DatasetRoot = ProjectRoot + "Dataset/"
# DatasetRoot = "/content/drive/MyDrive/"

In [3]:
import pandas as pd
import regex as re
import requests
import json
from bs4 import BeautifulSoup
import logging
from transformers import T5ForConditionalGeneration, T5Tokenizer

# viz
import altair as alt

# Set logging level to ERROR to suppress the notice
logging.getLogger("transformers").setLevel(logging.ERROR)

#### Helper Methods

In [4]:
#Get raw dataset from wikipedia
def get_data(page_title,based_url):
    # build full url and get response
    url=based_url+page_title
    response = requests.get(url)
    html_content=response.text

    # parse text and chunk it by paragraphs
    html_content = BeautifulSoup(html_content, 'html.parser')
    paragraphs = html_content.find_all('p')
    text_list={}
    para_idx = 0
    for paragraph in paragraphs:
        raw_para = paragraph.text.replace('\n', '')
        if raw_para != '':
            text_list[para_idx] = re.sub(r'\[\d+]', '', raw_para)
            para_idx += 1

    # Write JSON output to a file
    with open(DatasetRoot + 'raw_knowledge.json', 'w') as f:
        json.dump(text_list, f, indent=4)

    return text_list

# summarize paragraph in shorter form
def generate_meaning(text):
    # init T5 model and tokenizer
    model = T5ForConditionalGeneration.from_pretrained('t5-small')
    tokenizer = T5Tokenizer.from_pretrained('t5-small')

    # tokenize raw text
    input_tokens = tokenizer.encode("summarize: " + text, return_tensors='pt')
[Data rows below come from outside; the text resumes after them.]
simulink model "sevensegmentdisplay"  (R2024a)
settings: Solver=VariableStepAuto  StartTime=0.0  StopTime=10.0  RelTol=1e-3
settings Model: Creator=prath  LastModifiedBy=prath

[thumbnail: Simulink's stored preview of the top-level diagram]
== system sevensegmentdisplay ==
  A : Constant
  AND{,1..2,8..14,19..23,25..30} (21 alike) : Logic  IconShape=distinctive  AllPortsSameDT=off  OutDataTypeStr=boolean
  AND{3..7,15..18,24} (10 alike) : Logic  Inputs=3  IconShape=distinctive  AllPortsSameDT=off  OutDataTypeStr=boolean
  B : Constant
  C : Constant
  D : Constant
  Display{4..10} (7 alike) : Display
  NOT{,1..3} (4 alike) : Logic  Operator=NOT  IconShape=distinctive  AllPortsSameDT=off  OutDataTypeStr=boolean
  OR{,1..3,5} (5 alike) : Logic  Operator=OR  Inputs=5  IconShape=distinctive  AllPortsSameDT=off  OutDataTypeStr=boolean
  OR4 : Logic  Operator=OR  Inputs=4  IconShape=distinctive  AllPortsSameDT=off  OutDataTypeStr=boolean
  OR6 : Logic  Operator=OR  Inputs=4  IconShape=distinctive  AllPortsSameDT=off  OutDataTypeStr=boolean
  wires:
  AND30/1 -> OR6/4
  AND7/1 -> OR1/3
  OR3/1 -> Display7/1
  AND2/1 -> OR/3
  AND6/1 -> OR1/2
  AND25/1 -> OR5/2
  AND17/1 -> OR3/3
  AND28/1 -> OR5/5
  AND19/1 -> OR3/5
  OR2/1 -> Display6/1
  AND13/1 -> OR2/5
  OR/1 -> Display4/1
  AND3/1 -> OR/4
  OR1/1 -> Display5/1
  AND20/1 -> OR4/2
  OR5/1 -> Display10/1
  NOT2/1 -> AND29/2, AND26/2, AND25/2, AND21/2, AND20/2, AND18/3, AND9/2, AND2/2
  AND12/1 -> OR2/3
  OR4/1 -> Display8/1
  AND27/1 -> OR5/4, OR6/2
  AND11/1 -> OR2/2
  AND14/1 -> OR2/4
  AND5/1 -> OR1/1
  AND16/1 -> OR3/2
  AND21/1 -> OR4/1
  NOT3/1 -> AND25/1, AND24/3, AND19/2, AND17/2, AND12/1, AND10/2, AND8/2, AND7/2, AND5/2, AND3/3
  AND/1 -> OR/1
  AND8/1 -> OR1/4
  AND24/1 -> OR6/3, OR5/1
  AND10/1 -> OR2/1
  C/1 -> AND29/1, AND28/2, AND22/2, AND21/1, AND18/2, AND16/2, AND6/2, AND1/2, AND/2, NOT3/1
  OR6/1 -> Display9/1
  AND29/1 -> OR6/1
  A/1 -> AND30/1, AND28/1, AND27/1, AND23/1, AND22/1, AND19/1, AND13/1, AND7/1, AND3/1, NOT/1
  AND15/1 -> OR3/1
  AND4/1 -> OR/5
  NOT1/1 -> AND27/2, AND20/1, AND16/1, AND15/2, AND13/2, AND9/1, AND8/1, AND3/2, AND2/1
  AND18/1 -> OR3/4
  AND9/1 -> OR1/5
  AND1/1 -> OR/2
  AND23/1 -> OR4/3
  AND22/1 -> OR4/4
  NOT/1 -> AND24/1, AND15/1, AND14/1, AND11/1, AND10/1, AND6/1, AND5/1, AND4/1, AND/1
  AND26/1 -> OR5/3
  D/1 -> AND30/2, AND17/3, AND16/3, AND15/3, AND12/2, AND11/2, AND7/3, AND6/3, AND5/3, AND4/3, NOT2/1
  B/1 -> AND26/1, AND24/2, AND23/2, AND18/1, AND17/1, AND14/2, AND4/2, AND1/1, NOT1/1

    # Generate the main meaning/summary using the T5 model
    output = model.generate(input_tokens, max_length=150, num_beams=4, early_stopping=True)

    # decode summary
    summary = tokenizer.decode(output[0], skip_special_tokens=True)
    return summary

# summarize entire raw data
def summarize_data(text_list):
    for para_id, raw_text in text_list.items():
        text_list[para_id] = generate_meaning(raw_text)
    return text_list

In [5]:
# set no. of queries to generate
NUM_QUESTIONS_GEN = 5

# generate questions from a paragraph
def text2question(text):
    model_name = 'doc2query/all-with_prefix-t5-base-v1'
    tokenizer = T5Tokenizer.from_pretrained(model_name)
    model = T5ForConditionalGeneration.from_pretrained(model_name)
    prefix = "answer2question"

    text2=prefix+": "+text
    input_ids = tokenizer.encode(text2, max_length=384, truncation=True, return_tensors='pt')
    outputs = model.generate(
        input_ids=input_ids,
        max_length=64,
        do_sample=True,
        top_p=0.95,
        num_return_sequences=NUM_QUESTIONS_GEN)

    questions=[]
    for i in range(len(outputs)):
        query = tokenizer.decode(outputs[i], skip_special_tokens=True)
        questions.append(query)
    dict_context_query={}
    dict_context_query['text']=text
    dict_context_query['question']=questions
    return dict_context_query

# generate question-context set from documents:
def query_context_dataset(text_list):
    for para_id, raw_text in text_list.items():
        text_list[para_id] = text2question(raw_text)
    return text_list

# split question-context dataset into train/test set and store in csv
def split_store_dataset(list_t2q):
    context_query_train = []
    context_query_test = []

    # for every chunk/context/paragraph, store 80% questions in train and 20% in test sets.
    for para_id, text in list_t2q.items():
        split_idx = round(len(text['question']) * 0.8)
        for i in range(split_idx):
            context_query_train.append([para_id, text['text'], text['question'][i]])
        for i in range(split_idx, len(text['question'])):
            context_query_test.append([para_id, text['text'], text['question'][i]])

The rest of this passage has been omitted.